Senate Majority Leader Mitch McConnell has enacted rules to bypass committee hearings on the bill, which supporters hope to get signed before the Fourth of July recess. If that happens, people on medical assistance in New Mexico face severe challenges, according to Edwin Park, vice president for health policy with the Center on Budget and Policy Priorities.

"The emerging Senate bill, which is largely mirroring the House bill, would scale back the Medicaid program, and then the coverage levels that were even in place pre-Affordable Care Act would be rolled back as well,” Park said.

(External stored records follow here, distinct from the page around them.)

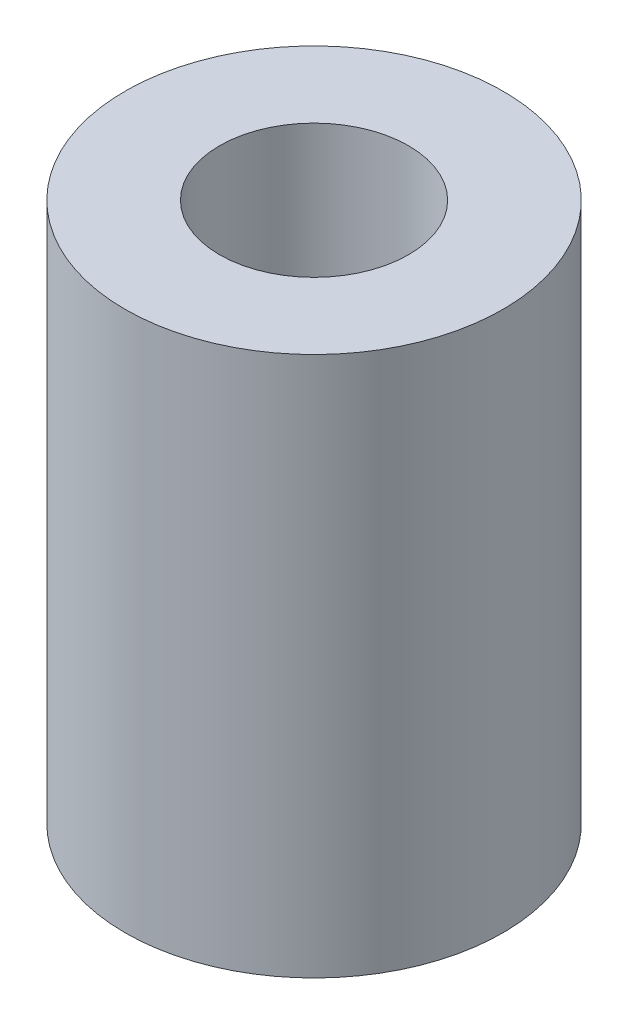
SolidWorks part; units mm, degrees
material "6061 Alloy"
ref_plane "Front Plane" through (0, 0, 0) normal (0, 0, 1) x (1, 0, 0)
ref_plane "Top Plane" through (0, 0, 0) normal (0, 1, 0) x (1, 0, 0)
ref_plane "Right Plane" through (0, 0, 0) normal (1, 0, 0) x (0, 0, -1)
sketch "Sketch1" plane through (0, 0, 0) normal (0, 1, 0) x (1, 0, 0)
  circle A0 centre (0, 0) radius 3.5
  circle A1 centre (0, 0) radius 1.75
  dimension "D1" = 3.5
  dimension "D2" = 7
extrude "Boss-Extrude1" add sketch "Sketch1" along normal blind 10
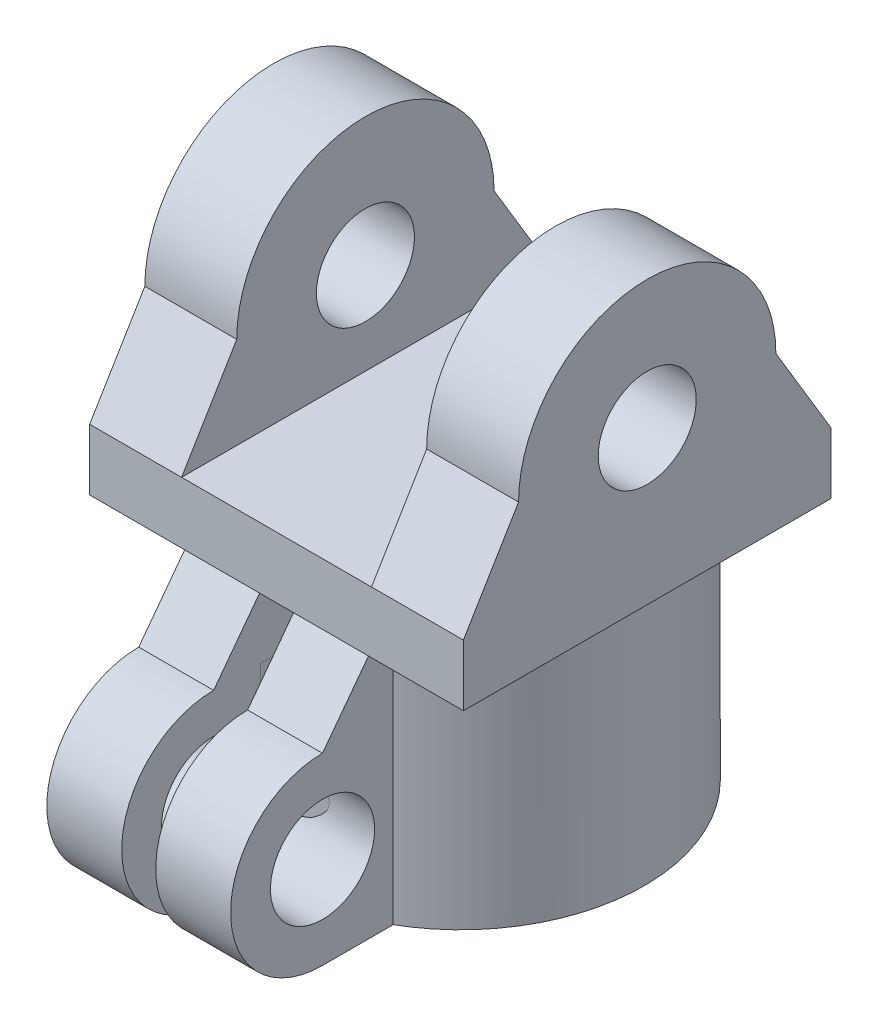
SolidWorks part; units mm, degrees
ref_plane "前视基准面" through (0, 0, 0) normal (0, 0, 1) x (1, 0, 0)
ref_plane "上视基准面" through (0, 0, 0) normal (0, 1, 0) x (1, 0, 0)
ref_plane "右视基准面" through (0, 0, 0) normal (1, 0, 0) x (0, 0, -1)
sketch "草图1" plane through (0, 0, 0) normal (0, 1, 0) x (1, 0, 0)
  circle A0 centre (0, 0) radius 4.2
  circle A1 centre (0, 0) radius 6
  dimension "D1" = 8.4
  dimension "D2" = 12
extrude "凸台-拉伸1" add sketch "草图1" along normal blind 8
sketch "草图2" plane through (0, 8, 0) normal (0, 1, 0) x (1, 0, 0)
  line L1 (-6.1, -6) -> (6.1, -6)
  line L2 (-6.1, -6) -> (-6.1, 6)
  line L3 (-6.1, 6) -> (6.1, 6)
  line L4 (6.1, -6) -> (6.1, 6)
  line L5 (-6.1, -6) -> (6.1, 6) construction
  line L6 (-6.1, 6) -> (6.1, -6) construction
  circle A0 centre (0, 0) radius 6 construction
  point P0 (0, 0)
  dimension "D1" = 12.2
extrude "凸台-拉伸2" add sketch "草图2" along normal blind 2
sketch "草图3" plane through (-6.1, 0, 0) normal (-1, 0, 0) x (0, 0, 1)
  line L3 (0, 20.2944) -> (0, -2.8579) construction
  line L4 (-6, 10) -> (6, 10)
  line L5 (-4.2, 13) -> (-6, 10)
  line L6 (4.2, 13) -> (6, 10)
  arc A0 (4.2, 13) -> (-4.2, 13) centre (0, 13) ccw
  circle A1 centre (0, 13) radius 1.6
  dimension "D2" = 8.4
extrude "凸台-拉伸3" add sketch "草图3" against normal blind 3
mirror "镜向1" about plane through (0, 0, 0) normal (1, 0, 0) of "凸台-拉伸2", "凸台-拉伸3"
sketch "草图4" plane through (0, 0, 0) normal (1, 0, 0) x (0, 0, -1)
  line L0 (3.8082, 3) -> (-10.8285, 3) construction
  line L6 (-5.5, 8.1815) -> (-5.5, -0.4327) construction
  line L7 (-6, 8) -> (0, 8)
  line L8 (-6, 8) -> (6, 8) construction
  line L9 (0, 8) -> (0, 0)
  line L10 (0, 0) -> (-7.5, 0)
  line L11 (-7.5, 6) -> (-6, 8)
  circle A2 centre (-7.5, 3) radius 1.7
  arc A3 (-7.5, 6) -> (-7.5, 0) centre (-7.5, 3) ccw
  dimension "D1" = 2
  dimension "D3" = 3
  dimension "D2" = 3.4
  dimension "D4" = 6
extrude "凸台-拉伸4" add sketch "草图4" along normal blind 3 and the other way blind 3 separate body
sketch "草图5" plane through (0, 0, 0) normal (0, -1, 0) x (1, 0, 0)
  circle A0 centre (0, 0) radius 4.2 construction
  circle A1 centre (0, 0) radius 4.2
extrude "切除-拉伸1" cut sketch "草图5" against normal blind 6
sketch "草图6" plane through (0, 0, 0) normal (0, 0, 1) x (1, 0, 0)
  line L0 (0, -1.3797) -> (0, 16.8476) construction
  line L8 (-6.1, 8) -> (0, 8) construction
  line L9 (-0.5547, 8) -> (-0.5547, 0)
  line L11 (0.5547, 8) -> (0.5547, 0)
  line L12 (-0.5547, 8) -> (0.5547, 8)
  line L13 (-0.5547, 0) -> (0.5547, 0)
  point P11 (0, 0)
  point P12 (0, 8)
  point P13 (0, 0)
  point P14 (0, 8)
extrude "切除-拉伸2" cut sketch "草图6" along normal through all
sketch "草图7" plane through (0, 10, 0) normal (0, 1, 0) x (1, 0, 0)
  line L0 (3.1, -6) -> (3.1, 6) construction

The largest group of New Mexicans to be affected would be children. More than 300,000 kids were on Medicaid in the state in 2014, according to the American Academy of Pediatrics.

Still, Republicans argue that Americans deserve relief from the failures of Obamacare.

Thirteen senators - none from New Mexico - have been meeting behind closed doors ever since the American Health Care Act passed the House of Representatives in May, making changes to the bill. With only a week until the Senate vote and no committee evaluations, the heat is on to either pass or kill the plan.

Groups such as MoveOn are working overtime to rally Democrats and Independents to defeat the bill. Park said one reason to do so is that progress that was made with Medicaid expansion would be erased.

"That is very large Medicaid cuts and millions of low-income individuals who would otherwise be on Medicaid losing their coverage,” he said.

If the AHCA passes in the Senate, where Republicans hold a 52-to-48 majority, changes will need approval from the House again before it can be signed by the president.